Employees Are Not Consumers – They are Comrades

Thought leaders (hate that term) are all abuzz with the consumerisation of IT. What they mean is that the modern workforce now has the expectation that their technology will be as good as the stuff they use at home. At this point that fact is fairly obvious. We must be careful though not to fall into the trap of thinking of employees as consumers in the general sense that economics defines the term.

Employees may consume things and may have some other traits in common with market consumers but their behavior is not governed by capitalistic motives. They are in fact much more communist in nature. Basically – employees may consume goods and services required to execute their responsibilities at work. They may demand the choice over what those services are. They will however never believe they should have to pay for it in the long run.

Corporations may be active participants in capitalism but in their day to day internal activities they execute more or less like a collective oligarchy. The larger the organization, the more pronounced this behavior becomes. I don’t pretend to be a political theorist but I do know that the basic difference between socialism and communism in the economic sense is the control over the means of production.

Socialism is not necessarily in conflict with capitalism. It allows for private ownership but with centralized regulation. Communism demands that all control be centralized.  IT organizations have long acted as if it was their responsibility to quash independent technology “for the good of the state”  with security or compliance used as justification.  As such it becomes ever more difficult to deliver even the most basic changes as more and more effort is required to maintain the bureaucracy.

In many authoritarian regimes, shortages develop as the organization is disincented to expand services and a black market  develops. In this scenario operational business units seek to circumvent the centralized control and satisfy their technology desires on their own. Once frowned on, it is these shadow IT departments that are dragging companies into using external cloud services one department at a time.

I mentioned earlier this week when I challenged you to listen to your own plumbers, there is a realignment of IT skill sets and job classifications coming. The opening up of the internal IT marketplace to free enterprise IT brought about by mobility and cloud offerings is exciting. It is also very scary to those highly invested in the status quo.

Technology intraprenuers outside of traditional IT organizations will rise and fall creating risk and reward alike.  Like the nouveau riche of the former Eastern Block, there will be individuals, departments and corporations who figure out early how to leverage the unprecedented access to technology and create competitive advantage over others mired in the bureaucratic past. The truly successful companies will be those best able to manage rather than restrict the change.

There is tremendous opportunity for us to benefit financially and organizationally in these new business models but be warned there will be failures. You should be prepared for those and not allow the old guard to use the cliche “I told you this would never work.” Every slip by one of these off-book initiatives will be used as ammunition to slow down the change.
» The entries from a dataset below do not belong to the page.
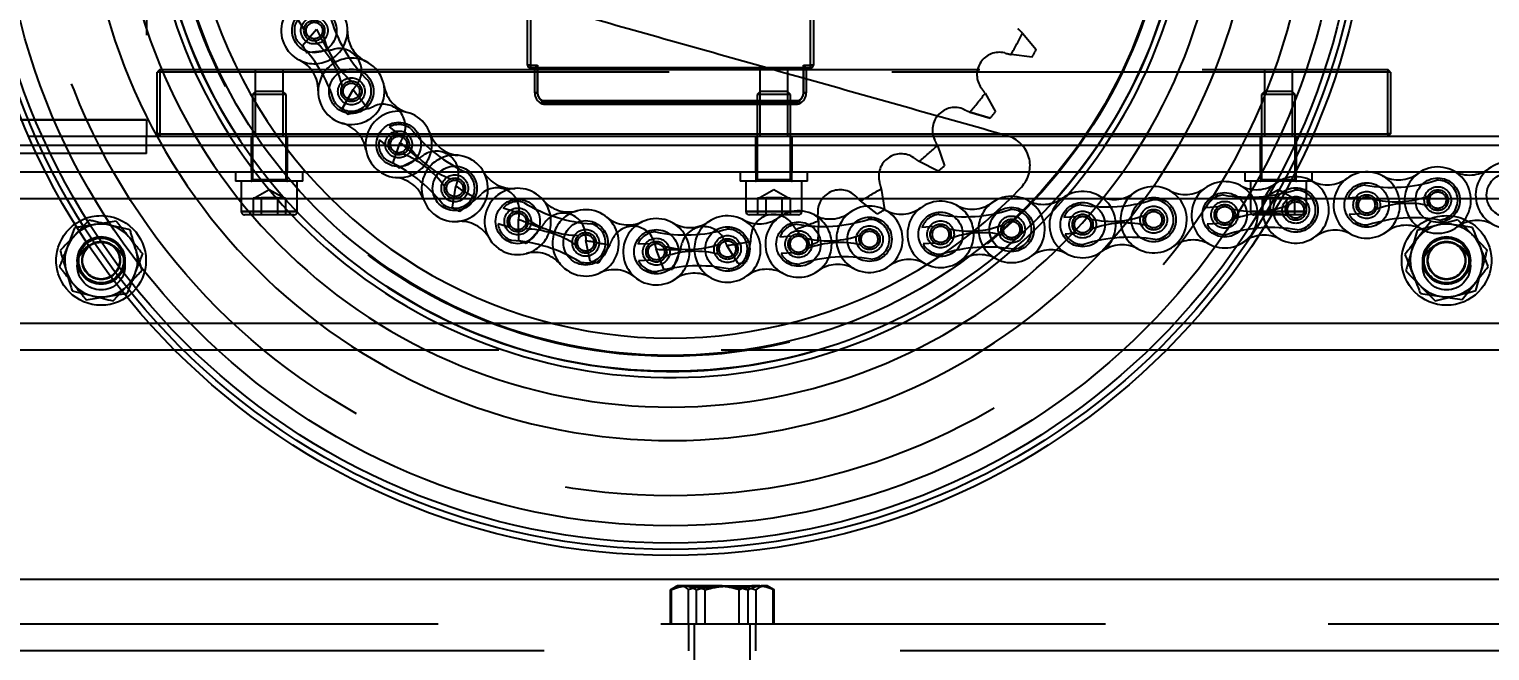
# Model space of a CAD drawing. Header units: metres. Extents: x 0 to 21025, y 0 to 14850.
# Drawn here: x 1969.2 to 2229.7, y 13042.7 to 13153.6 of the extents above; entities that cross this region are included whole.
import ezdxf

# ---------------------------------------------------------------- set-up
doc = ezdxf.new("R2010")
doc.units = ezdxf.units.M
doc.header["$LTSCALE"] = 25
doc.linetypes.add('HIDDEN2', pattern=[4.7625, 3.175, -1.5875])
for name, color, linetype in [('18_COTAS', 7, 'Continuous'), ('SL4', 4, 'Continuous'), ('ST1', 7, 'HIDDEN2')]:
    doc.layers.add(name, color=color, linetype=linetype)
doc.styles.add('ROMANS', font='ROMANS.SHX')
doc.dimstyles.new('25___1-25', dxfattribs={"dimscale": 25, "dimtxt": 2.5, "dimasz": 2, "dimexe": 1.5, "dimexo": 1, "dimgap": 0.5, "dimtad": 1, "dimzin": 12, "dimtxsty": 'ROMANS', "dimcen": 0, "dimclrd": 256, "dimclre": 256, "dimclrt": 3, "dimazin": 3, "dimtfac": 1, "dimtmove": 0, "dimatfit": 0, "dimfxl": 1, "dimlwd": -1, "dimlwe": -1, "dimarcsym": 0})

# ---------------------------------------------------------------- blocks, each defined once
blk = doc.blocks.new('*D36')
at = {"layer": '18_COTAS', "transparency": 16777216}
for p, q in [((2058.56, 13184.68), (788.1, 13184.68)), ((825.6, 11742.68), (825.6, 13134.68)), ((1392.68, 11692.68), (788.1, 11692.68))]:
    blk.add_line(p, q, dxfattribs=at)
for points in [[(817.27, 13134.68), (833.93, 13134.68), (825.6, 13184.68)], [(817.27, 11742.68), (833.93, 11742.68), (825.6, 11692.68)]]:
    blk.add_solid(points, dxfattribs=at)
at = {"layer": 'Defpoints', "color": 0, "transparency": 16777216}
for p in [(825.6, 13184.68), (2083.56, 13184.68), (1417.68, 11692.68)]:
    blk.add_point(p, dxfattribs=at)
at = {"layer": '18_COTAS', "color": 3, "transparency": 16777216, "insert": (781.85, 12438.68), "char_height": 62.5, "attachment_point": 5, "rotation": 90, "style": 'ROMANS'}
blk.add_mtext('1492', dxfattribs=at)

msp = doc.modelspace()

# ---------------------------------------------------------------- linework, layer by layer
at = {"layer": 'SL4'}
for p, q in [((2058.064, 13147.181), (2058.064, 13157.971)), ((2058.564, 13157.971), (2058.564, 13147.181)), ((2058.564, 13147.181), (2058.064, 13147.181)), ((2058.564, 13147.181), (2059.839, 13147.181)), ((2058.564, 13147.181), (2058.564, 13146.681)), ((2059.839, 13147.181), (2059.339, 13146.681)), ((2059.839, 13147.181), (2059.839, 13142.221)), ((2006.308, 13146.431), (2059.339, 13146.431)), ((2059.339, 13145.931), (2006.557, 13145.931)), ((2059.339, 13146.681), (2058.564, 13146.681)), ((2059.339, 13142.221), (2059.339, 13146.681)), ((2107.289, 13142.221), (2107.289, 13144.843)), ((2107.789, 13144.702), (2107.789, 13142.221)), ((2211.496, 13145.931), (2202.406, 13145.931)), ((2202.568, 13146.431), (2211.496, 13146.431)), ((2211.496, 13146.431), (2211.496, 13145.931)), ((2211.996, 13145.931), (2211.496, 13146.431)), ((2211.996, 13145.931), (2211.496, 13145.931)), ((2211.496, 13134.931), (2211.496, 13145.931)), ((2211.996, 13145.931), (2211.996, 13134.931)), ((2059.839, 13142.221), (2059.339, 13142.221)), ((2107.289, 13142.221), (2107.789, 13142.221)), ((2106.587, 13140.361), (2060.541, 13140.361)), ((2060.541, 13140.361), (2060.542, 13140.361)), ((2060.657, 13140.861), (2106.472, 13140.861)), ((2061.117, 13140.198), (2106.011, 13140.198)), ((2061.119, 13140.198), (2061.117, 13140.198)), ((2061.119, 13140.198), (2106.03, 13140.198)), ((2106.011, 13140.198), (2106.009, 13140.198)), ((2106.586, 13140.361), (2106.587, 13140.361)), ((2013.161, 13134.931), (2142.421, 13134.931)), ((2143.674, 13134.431), (2013.517, 13134.431)), ((2251.996, 13134.431), (2198.019, 13134.431)), ((2198.237, 13134.931), (2211.496, 13134.931)), ((2211.496, 13134.931), (2211.496, 13134.431)), ((2211.996, 13134.931), (2211.496, 13134.931)), ((2211.996, 13134.931), (2211.496, 13134.431)), ((1969.822, 13132.839), (1961.996, 13132.839)), ((2146.32, 13132.839), (2014.688, 13132.839)), ((2251.996, 13132.839), (2197.307, 13132.839)), ((1972.113, 13128.081), (1957.238, 13128.081)), ((2147.55, 13128.081), (2018.541, 13128.081)), ((2095.996, 13128.081), (2095.996, 13126.481)), ((2101.996, 13126.481), (2095.996, 13126.481)), ((2096.996, 13126.481), (2096.996, 13121.081)), ((2107.996, 13126.481), (2101.996, 13126.481)), ((2106.996, 13121.081), (2106.996, 13126.481)), ((2107.996, 13126.481), (2107.996, 13128.081)), ((2197.996, 13126.481), (2194.189, 13126.481)), ((2248.996, 13128.081), (2195.016, 13128.081)), ((2196.996, 13121.081), (2196.996, 13126.481)), ((2197.996, 13126.481), (2197.996, 13128.081)), ((1974.662, 13123.319), (1951.996, 13123.319)), ((2096.996, 13123.319), (2023.014, 13123.319)), ((2096.996, 13121.081), (2101.996, 13121.081)), ((2101.996, 13121.081), (2106.996, 13121.081)), ((2144.114, 13123.319), (2106.996, 13123.319)), ((2191.175, 13121.081), (2196.996, 13121.081)), ((2248.996, 13123.319), (2196.996, 13123.319)), ((2101.996, 13120.481), (2097.596, 13120.481)), ((2106.396, 13120.481), (2101.996, 13120.481)), ((2191.996, 13120.481), (2190.818, 13120.481)), ((2196.396, 13120.481), (2191.996, 13120.481)), ((2219.21, 13119.301), (2216.889, 13116.352)), ((2226.639, 13118.228), (2222.924, 13118.765)), ((1978.151, 13117.721), (1977.286, 13116.811)), ((2224.781, 13105.362), (2227.103, 13108.31)), ((1976.823, 13106.892), (1980.472, 13106.012)), ((1984.12, 13105.132), (1985.834, 13106.935)), ((2217.353, 13106.434), (2221.067, 13105.898)), ((1990.627, 13101.089), (1957.238, 13101.089)), ((2104.633, 13101.089), (2062.495, 13101.089)), ((2248.996, 13101.089), (2176.501, 13101.089)), ((1995.137, 13096.331), (1961.996, 13096.331)), ((2248.996, 13096.331), (2171.991, 13096.331)), ((1925.564, 13055.444), (2828.064, 13055.444)), ((2061.052, 13042.681), (1925.564, 13042.681)), ((2828.064, 13042.681), (2124.552, 13042.681))]:
    msp.add_line(p, q, dxfattribs=at)
at = {"layer": 'SL4', "flags": 128}
msp.add_lwpolyline([(1977.286, 13116.811), (1977.911, 13117.387), (1978.121, 13117.55)], dxfattribs=at)
at = {"layer": 'SL4'}
for radius in [125, 123.91, 122.777, 119.686, 89.286]:
    msp.add_circle((2083.564, 13184.681), radius, dxfattribs=at)
for centre, radius, start, end in [((2083.564, 13184.681), 104.464, 171.10617, 157.38407), ((2083.564, 13184.681), 98.5, 170.88256, 157.60769), ((2083.564, 13184.681), 93.236, 168.80946, 159.68079), ((2083.564, 13184.681), 92.147, 167.89305, 74.24512), ((2083.564, 13184.681), 86.207, 191.91738, 316.57286), ((2058.564, 13147.181), 0.5, 180, 270), ((2061.379, 13142.221), 2.04, 180, 245.77191), ((2061.379, 13142.221), 1.54, 180, 242.02448), ((2105.749, 13142.221), 1.54, 297.97552, 0), ((2105.749, 13142.221), 2.04, 294.22809, 0), ((2061.379, 13142.221), 2.04, 245.77191, 262.62675), ((2105.749, 13142.221), 2.04, 277.37325, 294.22809), ((2097.596, 13121.081), 0.6, 180, 270), ((2106.396, 13121.081), 0.6, 270, 0), ((2196.396, 13121.081), 0.6, 270, 0), ((2221.996, 13112.331), 6.5, 81.78679, 141.78679), ((2221.996, 13112.331), 6.5, 21.78679, 81.78679), ((1981.996, 13112.331), 6.5, 136.43836, 196.43836), ((2221.996, 13112.331), 6.5, 141.78679, 201.78679), ((2221.996, 13112.331), 6.5, 321.78679, 21.78679), ((1981.996, 13112.331), 6.5, 196.43836, 256.43836), ((2221.996, 13112.331), 6.5, 201.78679, 261.78679), ((2221.996, 13112.331), 6.5, 261.78679, 321.78679), ((1981.996, 13112.331), 6.5, 256.43836, 304.32945)]:
    msp.add_arc(centre, radius, start, end, dxfattribs=at)
for points, knots in [([(2143.646, 13134.586), (2137.933, 13136.198), (2126.507, 13139.421), (2109.351, 13144.261), (2092.158, 13149.111), (2074.908, 13153.978), (2057.656, 13158.845), (2040.46, 13163.696), (2023.302, 13168.537), (2011.874, 13171.761), (2006.16, 13173.373)], [0, 0, 0, 0, 0.12487945, 0.24975523, 0.3747174, 0.49995573, 0.62521153, 0.75019844, 0.87509814, 1, 1, 1, 1]), ([(2060.657, 13140.861), (2060.656, 13140.859), (2060.647, 13140.824), (2060.625, 13140.733), (2060.594, 13140.597), (2060.565, 13140.471), (2060.546, 13140.383), (2060.543, 13140.369), (2060.541, 13140.361)], [0, 0, 0, 0, 0.00841023, 0.14031495, 0.35980463, 0.57457522, 0.78725058, 1, 1, 1, 1]), ([(2106.472, 13140.861), (2106.472, 13140.859), (2106.481, 13140.824), (2106.503, 13140.733), (2106.535, 13140.597), (2106.563, 13140.471), (2106.582, 13140.383), (2106.585, 13140.369), (2106.587, 13140.361)], [0, 0, 0, 0, 0.00841023, 0.14031495, 0.35980463, 0.57457522, 0.78725058, 1, 1, 1, 1]), ([(2146.172, 13125.42), (2146.474, 13125.791), (2147.078, 13126.533), (2147.586, 13127.891), (2147.754, 13129.318), (2147.549, 13130.743), (2146.99, 13132.068), (2146.113, 13133.201), (2144.985, 13134.098), (2144.091, 13134.423), (2143.646, 13134.586)], [0, 0, 0, 0, 0.12503878, 0.25008331, 0.37512994, 0.50017931, 0.62520482, 0.7502092, 0.87537737, 1, 1, 1, 1]), ([(2222.924, 13118.765), (2222.836, 13118.777), (2221.582, 13118.958), (2220.353, 13119.136), (2219.21, 13119.301)], [0, 0, 0, 0, 0.07021477, 1, 1, 1, 1]), ([(2228.031, 13114.744), (2227.917, 13115.029), (2227.446, 13116.208), (2226.987, 13117.357), (2226.639, 13118.228)], [0, 0, 0, 0, 0.24185142, 1, 1, 1, 1]), ([(1977.286, 13116.811), (1977.224, 13116.746), (1976.351, 13115.828), (1975.495, 13114.928), (1974.699, 13114.091)], [0, 0, 0, 0, 0.0702148, 1, 1, 1, 1]), ([(2216.889, 13116.352), (2216.834, 13116.282), (2216.05, 13115.286), (2215.281, 13114.311), (2214.567, 13113.403)], [0, 0, 0, 0, 0.0702148, 1, 1, 1, 1]), ([(1974.699, 13114.091), (1974.965, 13113.191), (1975.315, 13112.004), (1975.674, 13110.786), (1975.761, 13110.492)], [0, 0, 0, 0, 0.7581486, 1, 1, 1, 1]), ([(2214.567, 13113.403), (2214.915, 13112.532), (2215.375, 13111.383), (2215.846, 13110.204), (2215.96, 13109.919)], [0, 0, 0, 0, 0.7581486, 1, 1, 1, 1]), ([(2229.424, 13111.259), (2229.323, 13111.513), (2228.869, 13112.648), (2228.398, 13113.828), (2228.031, 13114.744)], [0, 0, 0, 0, 0.2237133, 1, 1, 1, 1]), ([(1975.761, 13110.492), (1976.041, 13109.546), (1976.4, 13108.327), (1976.746, 13107.155), (1976.823, 13106.892)], [0, 0, 0, 0, 0.7762867, 1, 1, 1, 1]), ([(2227.103, 13108.31), (2227.158, 13108.38), (2227.942, 13109.376), (2228.71, 13110.352), (2229.424, 13111.259)], [0, 0, 0, 0, 0.0702148, 1, 1, 1, 1]), ([(2215.96, 13109.919), (2216.326, 13109.003), (2216.798, 13107.823), (2217.251, 13106.688), (2217.353, 13106.434)], [0, 0, 0, 0, 0.7762867, 1, 1, 1, 1]), ([(1980.472, 13106.012), (1980.558, 13105.992), (1981.79, 13105.694), (1982.997, 13105.403), (1984.12, 13105.132)], [0, 0, 0, 0, 0.0702148, 1, 1, 1, 1]), ([(2221.067, 13105.898), (2221.155, 13105.885), (2222.409, 13105.704), (2223.639, 13105.527), (2224.781, 13105.362)], [0, 0, 0, 0, 0.07021477, 1, 1, 1, 1])]:
    msp.add_open_spline(points, degree=3, knots=knots, dxfattribs=at)
at = {"layer": 'ST1'}
for p, q in [((1990.096, 13231.931), (1990.096, 13137.431)), ((2058.564, 13157.971), (2058.564, 13147.181)), ((2018.19, 13153.533), (2017.084, 13155.346)), ((2108.564, 13147.181), (2108.564, 13155.531)), ((2109.064, 13155.531), (2109.064, 13147.181)), ((2017.941, 13150.698), (2020.398, 13153.598)), ((2146.372, 13152.881), (2148.795, 13149.952)), ((2022.423, 13149.782), (2018.645, 13149.373)), ((2058.564, 13147.181), (2058.064, 13147.181)), ((2058.064, 13147.181), (2058.564, 13147.181)), ((2058.064, 13147.181), (2058.564, 13147.181)), ((2058.564, 13147.181), (2059.839, 13147.181)), ((2058.564, 13147.181), (2058.564, 13146.681)), ((2058.564, 13146.681), (2058.564, 13147.181)), ((2058.564, 13146.681), (2058.564, 13147.181)), ((2059.839, 13147.181), (2059.839, 13142.221)), ((2107.289, 13147.181), (2108.564, 13147.181)), ((2107.289, 13142.221), (2107.289, 13147.181)), ((2107.289, 13147.181), (2107.789, 13146.681)), ((2107.289, 13144.843), (2107.289, 13147.181)), ((2108.564, 13147.181), (2109.064, 13147.181)), ((2108.564, 13147.181), (2108.564, 13146.681)), ((2109.064, 13147.181), (2108.564, 13147.181)), ((2108.564, 13146.681), (2108.564, 13147.181)), ((2108.564, 13147.181), (2108.564, 13146.681)), ((2108.564, 13147.181), (2109.064, 13147.181)), ((2109.064, 13147.181), (2108.564, 13147.181)), ((2108.564, 13146.681), (2108.564, 13147.181)), ((2148.077, 13148.636), (2144.304, 13149.088)), ((1992.496, 13146.431), (1991.996, 13145.931)), ((1992.496, 13145.931), (1991.996, 13145.931)), ((1991.996, 13134.931), (1991.996, 13145.931)), ((1992.496, 13146.431), (2006.308, 13146.431)), ((1992.496, 13146.431), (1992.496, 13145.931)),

There is a battle over budgets being fought all over and IT has to work harder than ever to justify maintaining their aging war machine. Yet it is a system doomed to crumble under its own weight. The realignment of skill sets in individuals is enormous but it is the budget battles that will change the character of the enterprise. A rougue may be able to establish a beach head with a managed service paid for with a credit card but eventually the attitude that they shouldn’t have to pay for technology themselves will return and they will look for the state to step in and pick up the check (and all the headaches that go along with dealing with the vendor.)

This new state run relationship though will be different. IT will no longer own the means of production – only the power to regulate. Time will tell where the balance of power settles and whether or not managing the mosaic of external providers delivering cloud services will be as dysfunctional as the system we have today.